Data excerpts –
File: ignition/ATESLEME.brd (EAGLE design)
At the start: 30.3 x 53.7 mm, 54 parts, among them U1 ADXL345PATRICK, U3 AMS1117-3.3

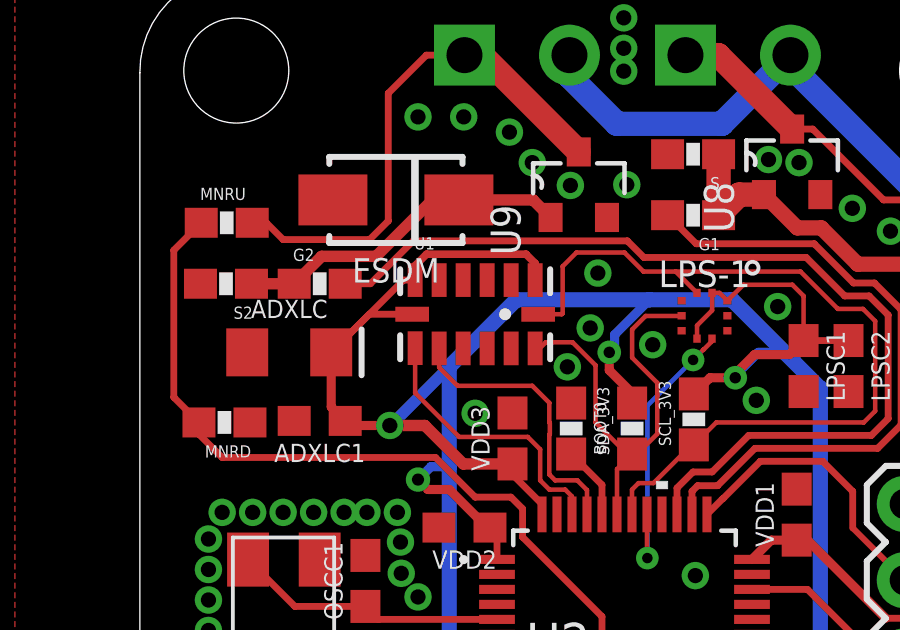
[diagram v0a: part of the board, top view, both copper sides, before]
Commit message: some modification was maken on the routes
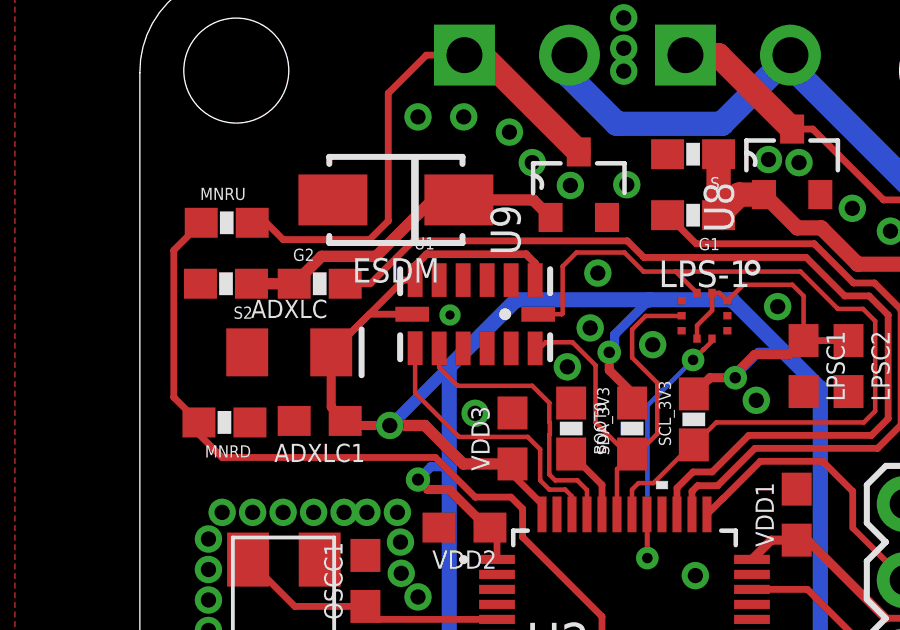
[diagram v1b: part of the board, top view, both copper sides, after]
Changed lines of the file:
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@@
 <via x="15.3416" y="39.878" extent="1-16" drill="0.508"/>
 <via x="22.6822" y="34.4678" extent="1-16" drill="0.508"/>
-<wire x1="27.9146" y1="46.7106" x2="29.1846" y2="45.9486" width="0" layer="19" extent="1-1"/>
-<wire x1="26.8478" y1="47.1678" x2="27.9146" y2="46.7106" width="0" layer="19" extent="1-1"/>
-<wire x1="26.1366" y1="48.2346" x2="26.8478" y2="47.1678" width="0" layer="19" extent="1-1"/>
-<wire x1="25.1206" y1="48.3362" x2="26.1366" y2="48.2346" width="0" layer="19" extent="1-1"/>
-<wire x1="21.756" y1="48.514" x2="25.1206" y2="48.3362" width="0" layer="19" extent="1-1"/>
-<wire x1="20.3962" y1="47.498" x2="21.756" y2="48.514" width="0" layer="19" extent="1-1"/>
-<wire x1="19.7358" y1="46.4058" x2="20.3962" y2="47.498" width="0" layer="19" extent="1-1"/>
-<wire x1="18.5166" y1="47.4726" x2="19.7358" y2="46.4058" width="0" layer="19" extent="1-1"/>
-<wire x1="17.2466" y1="48.2346" x2="18.5166" y2="47.4726" width="0" layer="19" extent="1-1"/>
-<wire x1="16.4846" y1="49.2506" x2="17.2466" y2="48.2346" width="0" layer="19" extent="1-1"/>
-<wire x1="14.9606" y1="49.7586" x2="16.4846" y2="49.2506" width="0" layer="19" extent="1-1"/>
-<wire x1="13.4366" y1="49.7586" x2="14.9606" y2="49.7586" width="0" layer="19" extent="1-1"/>
-<wire x1="19.431" y1="44.5516" x2="19.7358" y2="46.4058" width="0" layer="19" extent="1-1"/>
-<wire x1="19.177" y1="42.7228" x2="19.431" y2="44.5516" width="0" layer="19" extent="1-1"/>
-<wire x1="18.415" y1="41.4274" x2="19.177" y2="42.7228" width="0" layer="19" extent="1-1"/>
-<wire x1="18.542" y1="40.22" x2="18.415" y2="41.4274" width="0" layer="19" extent="1-1"/>
-<wire x1="16.5416" y1="42.0419" x2="18.415" y2="41.4274" width="0" layer="19" extent="1-1"/>
-<wire x1="16.5862" y1="39.8898" x2="18.542" y2="40.22" width="0" layer="19" extent="1-1"/>
-<wire x1="15.3416" y1="39.878" x2="16.5862" y2="39.8898" width="0" layer="19" extent="1-1"/>
-<wire x1="21.2598" y1="42.164" x2="19.177" y2="42.7228" width="0" layer="19" extent="1-1"/>
-<wire x1="22.2245" y1="42.6292" x2="21.2598" y2="42.164" width="0" layer="19" extent="1-1"/>
-<wire x1="22.2245" y1="43.6292" x2="22.2245" y2="42.6292" width="0" layer="19" extent="1-1"/>
-<wire x1="23.7495" y1="42.6292" x2="22.2245" y2="42.6292" width="0" layer="19" extent="1-1"/>
-<wire x1="23.7495" y1="43.1292" x2="23.7495" y2="42.6292" width="0" layer="19" extent="1-1"/>
-<wire x1="25.4254" y1="43.434" x2="23.7495" y2="43.1292" width="0" layer="19" extent="1-1"/>
-<wire x1="16.5416" y1="44.3181" x2="16.5416" y2="42.0419" width="0" layer="19" extent="1-1"/>
-<wire x1="14.9416" y1="44.3181" x2="16.5416" y2="44.3181" width="0" layer="19" extent="1-1"/>
-<wire x1="14.1416" y1="44.3181" x2="14.9416" y2="44.3181" width="0" layer="19" extent="1-1"/>
-<wire x1="24.7142" y1="40.3098" x2="23.7495" y2="42.6292" width="0" layer="19" extent="1-1"/>
-<wire x1="26.289" y1="40.6028" x2="24.7142" y2="40.3098" width="0" layer="19" extent="1-1"/>
-<wire x1="27.7876" y1="40.6028" x2="26.289" y2="40.6028" width="0" layer="19" extent="1-1"/>
-<wire x1="20.2946" y1="51.2826" x2="21.756" y2="48.514" width="0" layer="19" extent="1-1"/>
-<wire x1="20.2946" y1="52.0446" x2="20.2946" y2="51.2826" width="0" layer="19" extent="1-1"/>
-<wire x1="20.2946" y1="53.0606" x2="20.2946" y2="52.0446" width="0" layer="19" extent="1-1"/>
-<wire x1="26.0604" y1="37.3498" x2="24.7142" y2="40.3098" width="0" layer="19" extent="1-1"/>
-<wire x1="24.57" y1="34.508" x2="26.0604" y2="37.3498" width="0" layer="19" extent="1-1"/>
-<wire x1="22.6822" y1="34.4678" x2="24.57" y2="34.508" width="0" layer="19" extent="1-1"/>
-<wire x1="29.6672" y1="36.8554" x2="26.0604" y2="37.3498" width="0" layer="19" extent="1-1"/>
-<wire x1="18.07" y1="36.508" x2="16.5862" y2="39.8898" width="0" layer="19" extent="1-1"/>
-<wire x1="31.6992" y1="40.6482" x2="27.7876" y2="40.6028" width="0" layer="19" extent="1-1"/>
-<wire x1="10.6" y1="46.99" x2="13.4366" y2="49.7586" width="0" layer="19" extent="1-1"/>
-<wire x1="14.136" y1="36.068" x2="18.07" y2="36.508" width="0" layer="19" extent="1-1"/>
-<wire x1="12.8524" y1="35.5854" x2="14.136" y2="36.068" width="0" layer="19" extent="1-1"/>
-<wire x1="12.7508" y1="36.576" x2="12.8524" y2="35.5854" width="0" layer="19" extent="1-1"/>
-<wire x1="11.7348" y1="36.576" x2="12.7508" y2="36.576" width="0" layer="19" extent="1-1"/>
-<wire x1="10.9728" y1="36.576" x2="11.7348" y2="36.576" width="0" layer="19" extent="1-1"/>
-<wire x1="9.9568" y1="36.576" x2="10.9728" y2="36.576" width="0" layer="19" extent="1-1"/>
-<wire x1="8.9408" y1="36.576" x2="9.9568" y2="36.576" width="0" layer="19" extent="1-1"/>
-<wire x1="7.9248" y1="36.576" x2="8.9408" y2="36.576" width="0" layer="19" extent="1-1"/>
-<wire x1="6.9088" y1="36.576" x2="7.9248" y2="36.576" width="0" layer="19" extent="1-1"/>
-<wire x1="6.4516" y1="35.687" x2="6.9088" y2="36.576" width="0" layer="19" extent="1-1"/>
-<wire x1="6.4516" y1="34.671" x2="6.4516" y2="35.687" width="0" layer="19" extent="1-1"/>
-<wire x1="6.4516" y1="33.655" x2="6.4516" y2="34.671" width="0" layer="19" extent="1-1"/>
-<wire x1="6.4516" y1="32.639" x2="6.4516" y2="33.655" width="0" layer="19" extent="1-1"/>
-<wire x1="6.4516" y1="31.623" x2="6.4516" y2="32.639" width="0" layer="19" extent="1-1"/>
-<wire x1="12.8778" y1="34.544" x2="12.8524" y2="35.5854" width="0" layer="19" extent="1-1"/>
-<wire x1="13.4366" y1="33.7566" x2="12.8778" y2="34.544" width="0" layer="19" extent="1-1"/>
-<wire x1="11.684" y1="35.14" x2="12.8524" y2="35.5854" width="0" layer="19" extent="1-1"/>
-<wire x1="6.4516" y1="30.353" x2="6.4516" y2="31.623" width="0" layer="19" extent="1-1"/>
-<wire x1="6.4516" y1="29.337" x2="6.4516" y2="30.353" width="0" layer="19" extent="1-1"/>
-<wire x1="7.5946" y1="29.0576" x2="6.4516" y2="29.337" width="0" layer="19" extent="1-1"/>
-<wire x1="8.7376" y1="29.0576" x2="7.5946" y2="29.0576" width="0" layer="19" extent="1-1"/>
-<wire x1="9.7536" y1="29.0576" x2="8.7376" y2="29.0576" width="0" layer="19" extent="1-1"/>
-<wire x1="10.7696" y1="29.0576" x2="9.7536" y2="29.0576" width="0" layer="19" extent="1-1"/>
-<wire x1="11.811" y1="28.9306" x2="10.7696" y2="29.0576" width="0" layer="19" extent="1-1"/>
-<wire x1="12.827" y1="28.9306" x2="11.811" y2="28.9306" width="0" layer="19" extent="1-1"/>
-<wire x1="12.9286" y1="30.0482" x2="12.827" y2="28.9306" width="0" layer="19" extent="1-1"/>
-<wire x1="12.8778" y1="30.988" x2="12.9286" y2="30.0482" width="0" layer="19" extent="1-1"/>
-<wire x1="13.6144" y1="31.7754" x2="12.8778" y2="30.988" width="0" layer="19" extent="1-1"/>
-<wire x1="11.684" y1="30.138" x2="11.811" y2="28.9306" width="0" layer="19" extent="1-1"/>
-<wire x1="12.358" y1="27.686" x2="12.827" y2="28.9306" width="0" layer="19" extent="1-1"/>
-<wire x1="12.358" y1="26.162" x2="12.358" y2="27.686" width="0" layer="19" extent="1-1"/>
-<wire x1="16.07" y1="31.508" x2="13.6144" y2="31.7754" width="0" layer="19" extent="1-1"/>
-<wire x1="7.835" y1="39.5732" x2="7.9248" y2="36.576" width="0" layer="19" extent="1-1"/>
-<wire x1="9.31" y1="39.624" x2="7.835" y2="39.5732" width="0" layer="19" extent="1-1"/>
-<wire x1="7.744" y1="41.91" x2="7.835" y2="39.5732" width="0" layer="19" extent="1-1"/>
-<wire x1="6.1858" y1="44.196" x2="7.744" y2="41.91" width="0" layer="19" extent="1-1"/>
-<wire x1="15.748" y1="26.328" x2="12.358" y2="26.162" width="0" layer="19" extent="1-1"/>
-<wire x1="32.3342" y1="32.17" x2="29.6672" y2="36.8554" width="0" layer="19" extent="1-1"/>
-<wire x1="19.05" y1="21.348" x2="15.748" y2="26.328" width="0" layer="19" extent="1-1"/>
-<wire x1="21.59" y1="24.042" x2="19.05" y2="21.348" width="0" layer="19" extent="1-1"/>
-<wire x1="24.13" y1="25.8962" x2="21.59" y2="24.042" width="0" layer="19" extent="1-1"/>
-<wire x1="25.654" y1="25.8962" x2="24.13" y2="25.8962" width="0" layer="19" extent="1-1"/>
-<wire x1="22.57" y1="28.008" x2="24.13" y2="25.8962" width="0" layer="19" extent="1-1"/>
-<wire x1="23.316" y1="20.066" x2="21.59" y2="24.042" width="0" layer="19" extent="1-1"/>
-<wire x1="27.266" y1="12.446" x2="23.316" y2="20.066" width="0" layer="19" extent="1-1"/>
-<wire x1="28.574" y1="9.144" x2="27.266" y2="12.446" width="0" layer="19" extent="1-1"/>
-<wire x1="25.654" y1="3.556" x2="28.574" y2="9.144" width="0" layer="19" extent="1-1"/>
-<wire x1="18.03" y1="9.863" x2="27.266" y2="12.446" width="0" layer="19" extent="1-1"/>
-<wire x1="13.12" y1="10.668" x2="18.03" y2="9.863" width="0" layer="19" extent="1-1"/>
-<wire x1="11.812" y1="7.62" x2="13.12" y2="10.668" width="0" layer="19" extent="1-1"/>
-<wire x1="9.652" y1="8.294" x2="11.812" y2="7.62" width="0" layer="19" extent="1-1"/>
+<via x="14.5034" y="43.1546" extent="1-16" drill="0.3048"/>
 </signal>
 <signal name="VCC">

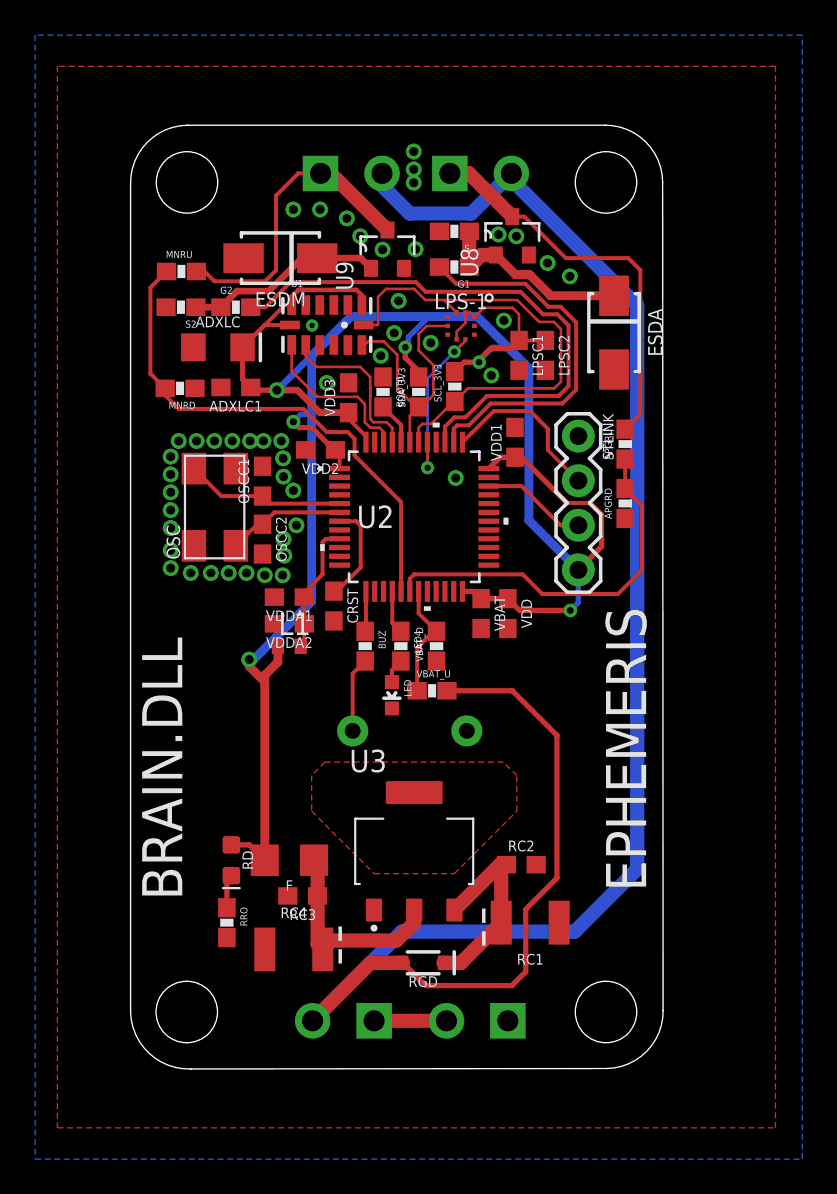
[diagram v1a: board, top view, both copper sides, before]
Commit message: Routes are be extended
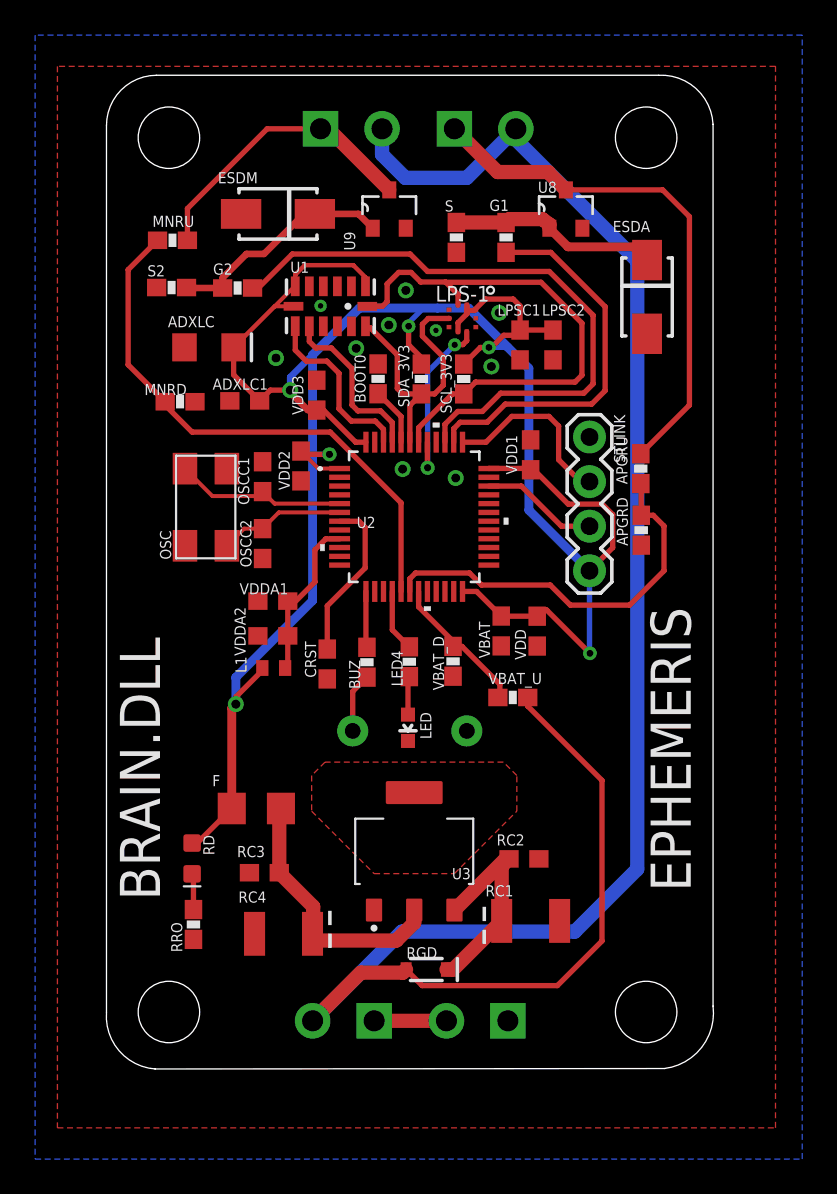
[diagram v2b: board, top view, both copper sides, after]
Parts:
- moved VBAT_U 4.61 mm to (25.9, 22.0)
- moved F 3.49 mm to (11.3, 15.6)
- moved U8 3.41 mm to (29.0, 49.8)
- moved G1 3.39 mm to (25.5, 48.2), turned to 270 degrees
- moved CRST 3.32 mm to (15.4, 23.9)
- moved ESDA 2.77 mm to (33.6, 44.8)
- moved RC3 2.55 mm to (11.8, 12.0)
- moved APOGEE 2.55 mm to (22.6, 54.4)
- moved MAIN 2.54 mm to (15.0, 54.4)
- moved ESDM 2.52 mm to (12.6, 49.5)
- moved U9 2.29 mm to (18.9, 49.8)
- moved RD 2.24 mm to (7.67, 12.8)
- moved LED 2.07 mm to (20.0, 20.2)
- moved VDD 1.94 mm to (27.3, 25.7)
- moved RRO 1.91 mm to (7.75, 9.04)
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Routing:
- net VAPG: track 22.5 -> 30.1 mm
- net 3.3V: track 133.8 -> 139.3 mm
- net MN: track 32.0 -> 36.0 mm
- net NRST: track 5.77 -> 9.43 mm
- net N$1: track 11.8 -> 15.1 mm
- net SCL_3V3: track 28.0 -> 30.7 mm
- net VIN: track 110.2 -> 112.6 mm
- net VMNS: track 29.4 -> 31.7 mm
- net VDDA: track 7.49 -> 9.37 mm
- net VSENS: track 6.58 -> 8.30 mm
- net N$8: track 11.4 -> 13.0 mm
- net LED: track 2.47 -> 3.56 mm
- net VAPGS: track 21.8 -> 22.8 mm
- net SDA_3V3: track 15.0 -> 16.0 mm
- net BUZZER: track 2.31 -> 3.20 mm
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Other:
- board size 30.3 x 53.7 mm -> 34.6 x 56.6 mm

TASK GOAL – Among the entries above, some lines may hold the string "board". State how many, and give nothing but the number.

THE ANSWER – 5